Indonesia's interventions have been partly attributable to itself. In 1996, before Myanmar's ASEAN entry, the Nobel Peace Prize was awarded jointly to East Timorese politician Jose Ramos-Horta and Carlos Filipe Ximenes Belo, a Roman Catholic bishop, for their work towards independence for East Timor. Ramos-Horta subsequently served as the president and prime minister of East Timor.

Suharto feared that if the U.S. and Europe were allowed to intervene in Myanmar, they would turn their criticism toward Indonesia for repression in East Timor.

Indonesia was the ASEAN chair during the Thailand-Cambodia border conflict. Being an overwhelmingly Muslim nation, it is now closely watching the Rohingya situation.

But Retno's frequent media updates to domestic news outlets following the Myanmar coup appear to be staged. Joko "should be motivated enough to get actively involved in the Myanmar problem in a bid to eliminate an image that his administration is growing authoritarian," said Ken Miichi, professor at the Graduate School of Asia-Pacific Studies of Waseda University.

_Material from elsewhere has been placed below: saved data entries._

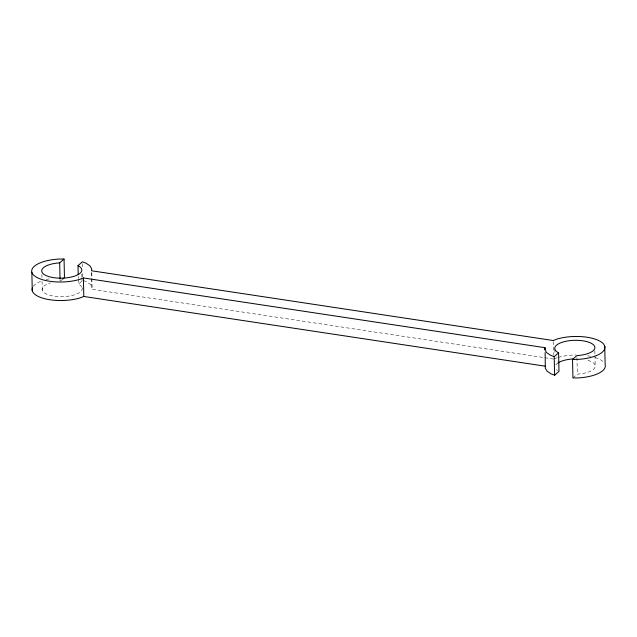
<?xml version="1.0" encoding="UTF-8"?>
<svg xmlns="http://www.w3.org/2000/svg" width="637" height="637" viewBox="0 0 637 637"><rect width="100%" height="100%" fill="white"/><g stroke="black" fill="none" stroke-linecap="round" stroke-linejoin="round"><path stroke-width="0.48" stroke-dasharray="3.19 2.39" d="M553.609 359.053L91.967 289.302L91.911 278.441M60.826 280.766L63.015 278.839M81.878 287.16A20.066 7.676 -1.3 0 0 78.415 284.174L82.794 280.328L86.528 281.761L90.279 284.333L92.11 287.223M572.95 377.972L577.321 374.126A20.066 7.676 -1.3 0 0 594.735 367.939A20.066 7.676 -1.3 0 0 586.159 359.873M554.397 358.758L557.542 357.548M594.847 350.708L594.934 354.61M594.958 355.589L595.173 365.335M576.947 357.54L577.321 374.126M554.859 349.187L554.97 354.061M553.211 341.504L553.521 355.159M91.784 272.588L91.895 277.469M91.593 272.724L91.704 277.597M91.728 278.576L91.967 289.302M82.42 263.75L82.484 266.672M82.643 273.496L82.73 277.398M81.831 274.157L81.894 277.087M81.918 278.058L82.006 281.96M78.24 276.37L78.287 278.321M78.311 279.301L78.415 284.174M60.053 279.46L60.093 281.403M41.891 274.587L41.954 277.517M42.042 281.411L42.241 290.193M82.141 287.813A20.066 7.676 -1.3 0 1 54.034 296.173A20.066 7.676 -1.3 0 1 50.403 283.019M33.347 286.292A30.09 11.514 -1.3 0 1 41.079 281.204M46.135 279.571A30.09 11.514 -1.3 0 1 50.506 278.616M558.346 357.317A30.09 11.514 -1.3 0 1 576.015 355M587.465 355.764A30.09 11.514 -1.3 0 1 590.467 356.298M595.157 357.508A30.09 11.514 -1.3 0 1 603.319 361.856M557.606 370.535A20.066 7.676 -1.3 0 1 556.507 369.643M555.767 365.049A20.066 7.676 -1.3 0 1 558.131 362.843"/><path stroke-width="0.96" d="M63.015 278.839L64.472 277.557L64.05 259.028L58.628 259.076A30.09 11.514 -1.3 0 0 33.681 275.144A30.09 11.514 -1.3 0 0 79.458 279.452L83.391 277.947L545.033 347.698L544.89 349.777L546.721 352.667L550.472 355.239L554.206 356.672L558.585 352.826A20.066 7.676 -1.3 0 1 566.014 341.265A20.066 7.676 -1.3 0 1 594.09 345.509A20.066 7.676 -1.3 0 1 576.907 355.597L572.528 359.443L572.95 377.972L578.372 377.924A30.09 11.514 -1.3 0 0 605.15 364.746L604.728 346.217M545.137 352.579L545.312 368.313L547.143 371.196L550.886 373.768L554.628 375.201L558.999 371.355L558.585 352.826M572.528 359.443L577.95 359.395A30.09 11.514 -1.3 0 0 602.897 343.327A30.09 11.514 -1.3 0 0 557.128 339.019L553.187 340.524L91.553 270.773L91.688 268.687L89.857 265.804L86.114 263.232L82.372 261.799L78.001 265.645A20.066 7.676 -1.3 0 1 70.564 277.206A20.066 7.676 -1.3 0 1 42.488 272.962A20.066 7.676 -1.3 0 1 59.679 262.874L64.05 259.028M545.447 366.227L83.813 296.476L79.872 297.981A30.09 11.514 -1.3 0 1 46.469 299.127A30.09 11.514 -1.3 0 1 32.479 287.773M554.206 356.672L554.628 375.201M545.033 347.698L545.073 349.649M83.391 277.947L83.813 296.476M78.001 265.645L78.2 274.42M59.679 262.874L60.029 278.48M31.85 272.254L32.272 290.783M558.131 362.843A20.066 7.676 -1.3 0 1 573.133 358.934"/></g></svg>
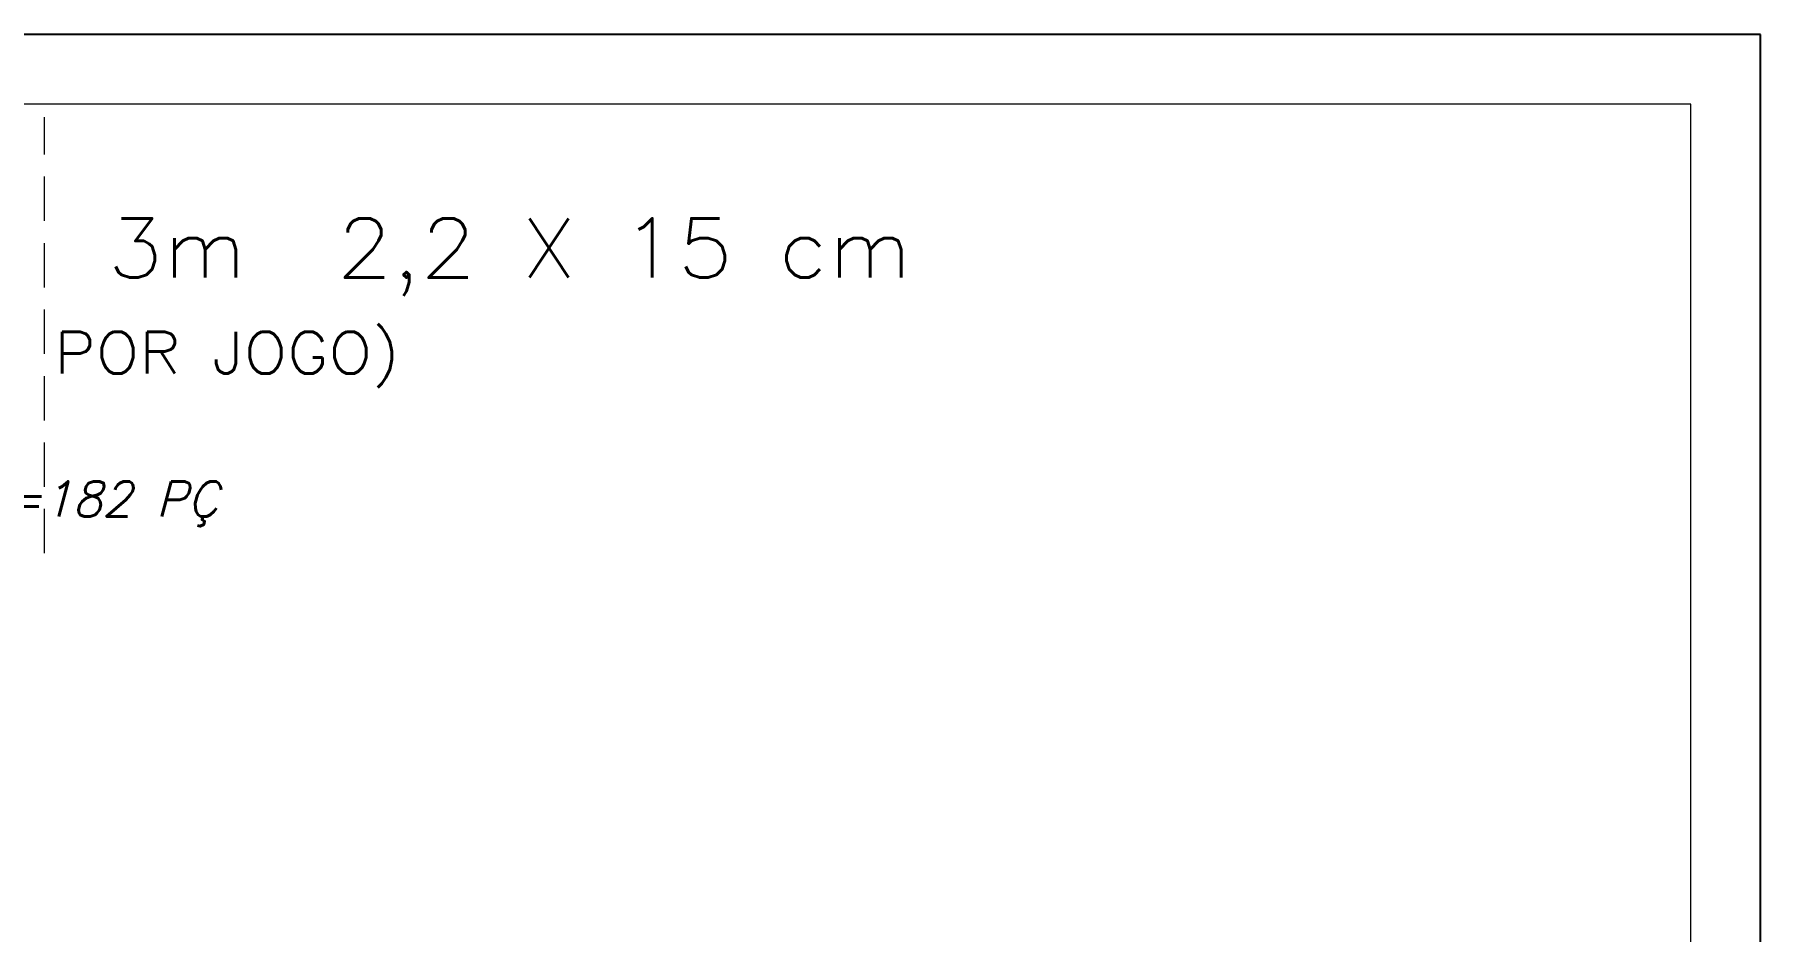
# Model space of a CAD drawing. Extents: x -23436 to 4767, y -4131 to 9755.
# Drawn here: x -19934 to -19191, y -2153 to -1768 of the extents above; entities that cross this region are included whole.
import ezdxf
from ezdxf.enums import TextEntityAlignment as Align

# ---------------------------------------------------------------- set-up
doc = ezdxf.new("R2010")
doc.units = 0
doc.linetypes.add('HIDDEN', pattern=[9.525, 6.35, -3.175])
doc.layers.get('Defpoints').update_dxf_attribs({"lineweight": 13})
doc.layers.add('FOLHA MB', color=7, linetype='Continuous', lineweight=13)
doc.layers.add('Laje_Perimetro', color=7, linetype='Continuous', plot=False)
for name, color, linetype in [('MB Logo', 254, 'Continuous'), ('Texto de Titulo', 7, 'Continuous'), ('Texto Qtd Sarr', 242, 'Continuous')]:
    doc.layers.add(name, color=color, linetype=linetype)
doc.styles.add('ROMANS', font='romans.shx')

# ---------------------------------------------------------------- blocks, each defined once
blk = doc.blocks.new('A$C169d8357')
at = {"layer": 'FOLHA MB', "color": 1}
for points in [[(0, 1199.94), (0, 149.94), (1485.02, 149.94), (1485.02, 1199.94)], [(70, 1169.94), (70, 179.94), (1455.02, 179.94), (1455.02, 1169.94)]]:
    blk.add_lwpolyline(points, close=True, dxfattribs=at)
blk = doc.blocks.new('titulo1')
at = {"layer": 'Defpoints', "color": 252, "linetype": 'HIDDEN', "ltscale": 2}
blk.add_line((0, 0), (0, 125), dxfattribs=at)
at = {"layer": 'Defpoints', "style": 'ROMANS', "oblique": 15}
blk.add_attdef('FOLHA', text='', height=10, dxfattribs=at).set_placement((0, 15.58), align=Align.MIDDLE_CENTER)
at = {"layer": 'Texto Qtd Sarr', "color": 3, "style": 'ROMANS', "oblique": 15}
for tag, height, p in [('TITULO', 17, (0, 71.45)), ('SEÇÃO', 12, (0, 41.55))]:
    blk.add_attdef(tag, text='', height=height, dxfattribs=at).set_placement(p, align=Align.MIDDLE_CENTER)

msp = doc.modelspace()

# ---------------------------------------------------------------- linework, layer by layer
at = {"layer": 'Laje_Perimetro'}
msp.add_lwpolyline([(-19191.377, -1767.741), (-20676.397, -1767.741), (-20676.397, -2817.741), (-19191.377, -2817.741)], close=True, dxfattribs=at)

# ---------------------------------------------------------------- block references
at = {"layer": 'MB Logo'}
msp.add_blockref('A$C169d8357', (-20676.397, -2967.679), dxfattribs=at)
at = {"layer": 'Texto de Titulo'}
ref = msp.add_blockref('titulo1', (-19929.575, -1990.773), dxfattribs=dict(at, xscale=1.5, yscale=1.5, zscale=1.5))
ref.add_attrib('TITULO', 'GASTALHO-2 JOGOS  3m  2,2 X 15 cm ', dxfattribs={"color": 7, "height": 25.5, "style": 'ROMANS', "width": 1.1}).set_placement((-19929.575, -1859.523), align=Align.MIDDLE_CENTER)
ref.add_attrib('SEÇÃO', '(91 PEÇAS POR JOGO)', dxfattribs={"color": 7, "height": 18, "style": 'ROMANS', "width": 1.1}).set_placement((-19929.575, -1904.523), align=Align.MIDDLE_CENTER)
ref.add_attrib('FOLHA', 'TOTAL=182 PÇ', dxfattribs={"layer": 'Defpoints', "height": 15, "style": 'ROMANS', "oblique": 15}).set_placement((-19929.575, -1967.407), align=Align.MIDDLE_CENTER)

doc.saveas('drawing.dxf')

His administration has taken a hardline against opposition forces such as radical Muslims. The coup in Myanmar is a good opportunity for the president to fend off criticism that Indonesia is "backing down from democracy ... and returning to the Suharto era," according to Miichi.

But public reaction to the administration's stance is a different matter.

"For the Indonesian public, there is very little sympathy with Suu Kyi... Many in Indonesia believe that in order to stay in power, Suu Kyi allowed the Tatmadaw [Myanmar military] to persecute the Rohingya," said Rizal Sukma, senior research fellow of the Indonesian Center for Strategic and International Studies.

Joko has been forced into a corner in coping with the pandemic, said Bachitar Alam, representative of Indonesian think tank Asiaconsult Associates, adding that the biggest task for the president is to halt the spread of Covid-19 infections and revive the economy. Myanmar is not a high-priority issue for Joko, Alam said.

While Joko may want to use the Myanmar crisis to score political points, one misstep and he could face a major backlash.

The U.S., Europe, and Japan are trying to formulate strategies to protect their economic interests in Myanmar while keeping China at bay. Indonesian is in the same situation.

Joko, a furniture maker-turned politician, became president after serving in local governments. He once admitted that he is not good at diplomacy -- since assuming office in 2014, he has absented himself from the U.N. General Assembly held every September. He delivered his first speech to the body last year through a prerecorded video streamed online.

But the crisis in Myanmar is an ASEAN crisis. As a major power in the region, Joko needs to step up and assume the main role to promote cooperation and achieve a diplomatic breakthrough.